Pro Wrestling vs. The Lowcountry, or, I Am A Real American

Island Packet – When I was young, in the seventh and eighth grades, I established a fantasy wrestling league with my brother and two friends, an equally violent set of brothers named Jon and Matt.

Establishing a fantasy wrestling league is, of course, an exceedingly geeky thing to do, geekier even than establishing a fantasy baseball league (actually, probably the only thing geekier than establishing a fantasy baseball league). It’s accepted — well, it used to be accepted — that at least some percentage of baseball is real, while pro wrestling is, of course, a big fake programmed trick featuring drugged-up men, fire and frequently thumbtacks (oh, sorry: SPOILER ALERT). As such, establishing a fantasy league around a sport that’s fictional to begin with is sort of a meta train wreck, like when you hold a mirror up to another mirror and can see into other dimensions. It’s certainly not something you bring up at the junior high lunch table much.

But we didn’t care about such existential matters, because me, Dave, Jon and Matt were concerned with just a few things in the seventh and eighth grades: violence, absurd role-playing games and figuring out ways to ensure none of us would learn how to talk to girls for a few more years.

Anyway, and I don’t want to gloat here, but our game was AWESOME. Had we patented this game I would be a very rich man right now, living on a yacht and generally being Lil Wayne, but instead of pioneering the fantasy pro-wrestling market I moved into newspapers, which is, of course, the only industry in the world with less long-term income potential than pro wrestling. (It’s also loads more fake.)

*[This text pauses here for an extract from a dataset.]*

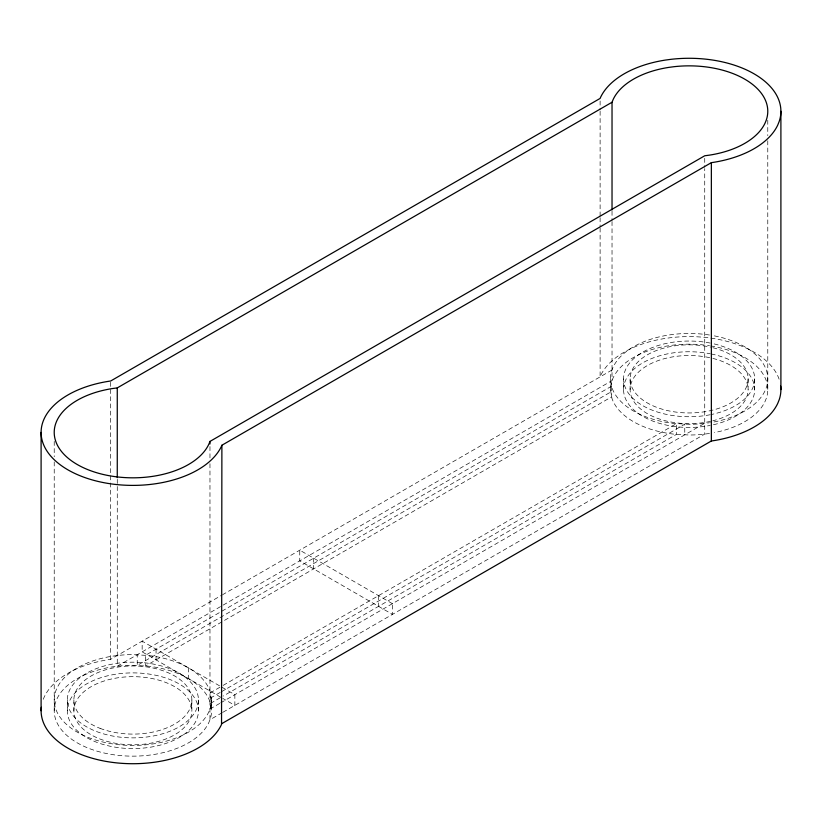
<?xml version="1.0" encoding="UTF-8"?>
<svg xmlns="http://www.w3.org/2000/svg" width="822" height="822" viewBox="0 0 822 822"><rect width="100%" height="100%" fill="white"/><g stroke="black" fill="none" stroke-linecap="round" stroke-linejoin="round"><path stroke-width="0.62" stroke-dasharray="4.11 3.08" d="M611.969 370.023L222.741 594.625M43.278 699.265A91.787 52.988 0 0 1 109.131 659.552L110.641 659.347L222.063 595.015M219.906 687.254L210.473 692.699L210.473 703.406L219.906 697.96M223.173 685.363L676.424 423.679L676.424 434.386L223.173 696.07M220.132 692.473L211.398 697.518L211.398 708.215M221.221 691.847L684.767 424.224L684.767 434.93M209.97 709.047L220.132 703.18M220.789 702.8L704.464 423.433M222.197 712.684L209.97 719.753L209.97 463.228M222.957 712.253L704.731 434.098L704.731 168.602M709.478 433.461L704.464 434.139A78.665 45.416 0 0 1 689.113 435.013L673.773 434.139A78.665 45.416 0 0 1 611.969 398.454L610.458 389.597A78.665 45.416 0 0 1 611.969 380.73L613.14 377.843A78.665 45.416 0 0 1 668.759 345.723L673.773 345.045A78.665 45.416 0 0 1 709.478 345.723M220.954 697.354L142.155 651.856L142.155 641.15L234.856 694.672L234.856 705.379L222.803 698.423M709.478 335.016A78.665 45.416 0 0 0 673.773 334.349L668.759 335.016A78.665 45.416 0 0 0 610.458 378.891L611.969 387.748A78.665 45.416 0 0 0 673.773 423.433L689.113 424.306A78.665 45.416 0 0 0 709.478 422.755M211.542 700.025L210.031 691.168A78.665 45.416 0 0 0 148.227 655.483L132.887 654.61A78.665 45.416 0 0 0 117.536 655.483L112.522 656.162A78.665 45.416 0 0 0 77.258 732.145A78.665 45.416 0 0 0 208.86 711.78L210.031 708.893A78.665 45.416 0 0 0 211.542 700.025L211.542 710.732A78.665 45.416 0 0 1 210.031 719.589L208.86 722.487A78.665 45.416 0 0 1 77.258 742.852A78.665 45.416 0 0 1 112.522 666.868L117.536 666.19A78.665 45.416 0 0 1 132.887 665.317L148.227 666.19A78.665 45.416 0 0 1 210.031 701.875L211.542 710.732M767.779 120.248L767.779 135.64M767.779 140.768L767.779 389.597M754.668 378.891L754.668 389.597A65.555 37.843 0 0 1 711.205 425.231M748.112 378.891L748.112 389.597A58.999 34.062 0 0 1 712.88 420.772M704.731 158.338L704.731 167.318M630.125 378.891L630.125 389.597M710.187 343.051A65.555 37.843 0 0 0 623.569 378.891L623.569 389.597A65.555 37.843 0 0 0 710.187 425.426M612.03 211.275L612.03 220.255M612.03 221.529L612.03 380.576L117.269 666.231L117.269 478.969M610.458 378.891L610.602 392.104L137.233 665.399L137.233 654.692M600.111 100.993L600.111 109.973M600.111 111.258L600.111 216.422M600.111 217.707L600.111 226.687M600.111 227.971L600.111 376.753L600.461 375.88A91.787 52.988 0 0 1 665.368 338.407L671.214 337.626A91.787 52.988 0 0 1 779.831 381.531M378.552 595.662L378.552 606.359M313.655 558.189L313.655 568.896M209.97 446.552L209.97 458.101M198.431 700.025L198.431 710.732A65.555 37.843 0 0 1 100.109 743.509A65.555 37.843 0 0 1 100.109 677.955A65.555 37.843 0 0 1 198.431 710.732M191.875 700.025L191.875 710.732A58.999 34.062 0 0 1 103.387 740.232A58.999 34.062 0 0 1 103.387 681.233A58.999 34.062 0 0 1 191.875 710.732M188.505 667.916L188.505 678.623M156.057 649.185L156.057 659.881M110.641 382.302L110.641 659.347M73.888 700.025L73.888 710.732M67.332 700.025L67.332 710.732M54.221 441.383L54.221 456.775M54.221 461.902L54.221 710.732M710.722 345.918A78.665 45.416 0 0 1 766.268 398.454L765.097 401.352A78.665 45.416 0 0 1 714.4 432.598M714.4 335.879A78.665 45.416 0 0 1 766.268 387.748L765.097 390.645A78.665 45.416 0 0 1 710.722 422.559M711.205 353.953A65.555 37.843 0 0 1 754.668 389.597M623.569 389.597A65.555 37.843 0 0 1 710.187 353.758M712.88 358.413A58.999 34.062 0 0 1 748.112 389.597M710.506 421.337A58.999 34.062 0 0 1 630.125 389.217A58.999 34.062 0 0 1 711.698 358.125M712.88 347.706A58.999 34.062 0 0 1 724.696 406.058A58.999 34.062 0 0 1 630.679 383.576A58.999 34.062 0 0 1 710.506 347.141M714.205 343.925A65.555 37.843 0 0 1 754.647 379.815A65.555 37.843 0 0 1 711.205 414.524M710.187 414.73A65.555 37.843 0 0 1 623.569 378.891M611.527 386.217L145.576 655.237L145.576 665.933L611.527 396.923L611.527 386.217M392.464 603.687L299.753 550.165L299.753 560.871L392.464 614.394L392.464 603.687M100.099 728.354A58.999 34.062 0 0 0 191.752 702.255A58.999 34.062 0 0 0 106.788 669.478A58.999 34.062 0 0 0 100.099 728.354M96.462 731.498A65.555 37.843 0 0 0 198.297 702.502A65.555 37.843 0 0 0 103.891 666.087A65.555 37.843 0 0 0 96.462 731.498"/><path stroke-width="1.23" d="M209.97 441.424L208.86 444.157A78.665 45.416 0 0 1 77.258 464.522A78.665 45.416 0 0 1 112.522 388.539L117.269 387.902L612.03 102.247L613.14 99.513A78.665 45.416 0 0 1 668.759 67.394L673.773 66.726A78.665 45.416 0 0 1 766.268 120.125L765.097 123.023A78.665 45.416 0 0 1 709.478 155.132L704.731 155.769L209.97 441.424L209.97 443.993M221.889 445.247L221.539 446.12A91.787 52.988 0 0 1 67.979 469.876A91.787 52.988 0 0 1 109.131 381.223L110.641 381.018L600.111 98.424L600.461 97.551A91.787 52.988 0 0 1 665.368 60.078L671.214 59.297A91.787 52.988 0 0 1 779.133 121.605L777.776 124.985A91.787 52.988 0 0 1 712.869 162.448L711.359 162.653L221.889 445.247L221.539 724.449A91.787 52.988 0 0 1 117.926 763.011A91.787 52.988 0 0 1 41.295 707.269M221.889 723.576L711.359 440.982L712.869 440.777A91.787 52.988 0 0 0 777.776 403.304L779.133 399.934A91.787 52.988 0 0 0 780.705 386.124M780.9 111.268L780.9 389.597M711.359 162.653L711.359 440.982M612.03 102.247L612.03 209.99M117.269 387.902L117.269 477.685M41.1 432.403L41.1 710.732"/></g></svg>

The game worked like this: Each of us invented a stable of original characters, and a series of dice rolls determined who beat the stuffing and/or tar out of whom. My primary character was called The Blade, and he came to his fictional ring to the sounds of Bon Jovi’s “Lay Your Hands On Me,” and listen, you can judge me if you want, but in 1988 Bon Jovi was pretty hardcore, especially if you were 13, and pathetic. The Blade held the Championship Belt, which was actually a belt, for a good long while, until it was stolen from him in a knock-down, drag-’em-out bout with Jon’s guy The Juvenile One, about whom I can remember nothing other than when portraying The Juvenile One, Jon wore Zubaz pants.

I am bringing this up because of pro wrestling coming right here to Bluffton via an event titled “Bluffton Blow-Out,” taking place tomorrow at the Bluffton High School football stadium, the first instance in recent memory, I think, of the glitzy, glamorous world of pro wrestling invading our quiet little arts-and-shellfish coastal hamlet.

The event is brought to you by the Carolina Wrestling Association, or CWA. The CWA, of course, is not the WWE, nor is it the WCW, nor is it anything you have ever heard of unless you work in the CWA, and even then you probably look at the letterhead every now and again and go, “What the hell?” CWA’s logo is designed to appear chiseled out of sheer granite, and there is lightning coming out of it, pursuant to Senate Bill 2433, which requires all professional wrestling logos to involve lightning emerging from creative fontography.

There also is a note on the Web site that indicates PARENTAL ADVISORY: VIOLENT CONTENT. What the site does not denote is DISCO CONTENT, which will come in the form of a man named Disco Inferno, who is pictured in the event’s promotional poster wearing my grandmother’s fluffy bathrobe. I’m not making fun — everyone needs a gimmick — but I’m just saying, he looks very much like a guy who would have gotten completely throttled by The Blade.


About Jeff Vrabel

My writing has appeared in GQ, Men’s Health, Success, the Washington Post, the official, Indianapolis Monthly, Billboard, Modern Bride and more. View all posts by Jeff Vrabel

3 responses to “Pro Wrestling vs. The Lowcountry, or, I Am A Real American

  • Junkyard Dog Jr.

    No kidding, I once saw The Honky Tonk Man at Lafayette (IN) Jeff High School. As the headliner, and the biggest name there, you’d figure he’d win for sure, right?

    No. He jobbed to Dick the Bruiser. I’m sorry, that’s Dick the Bruiser JUNIOR! His Dad, the original Bruiser, actually grew up in nearby Delphi, so Honky Tonk jobbed to appease the local crowd.

    I also recently went to a wedding reception in Kokomo (the city NOT of Beach Boys’ fame) at the convention center that was simultaneously featuring The Legends of the WWF (NOT the wildelife foundation). We met such legends as Coco B. Ware and Jimmy “Mouth of the South” Hart.

    And now you know the rest of the story…


  • biggie tea

    you can get a variance on SB 2433 with either hammers, lobster/crab claws, and/or fuses (must be lit)

    get on with the black kids review. we don’t have wrestling in duval


  • biggie tea

    also bruces is coming here. i reserve you a loft.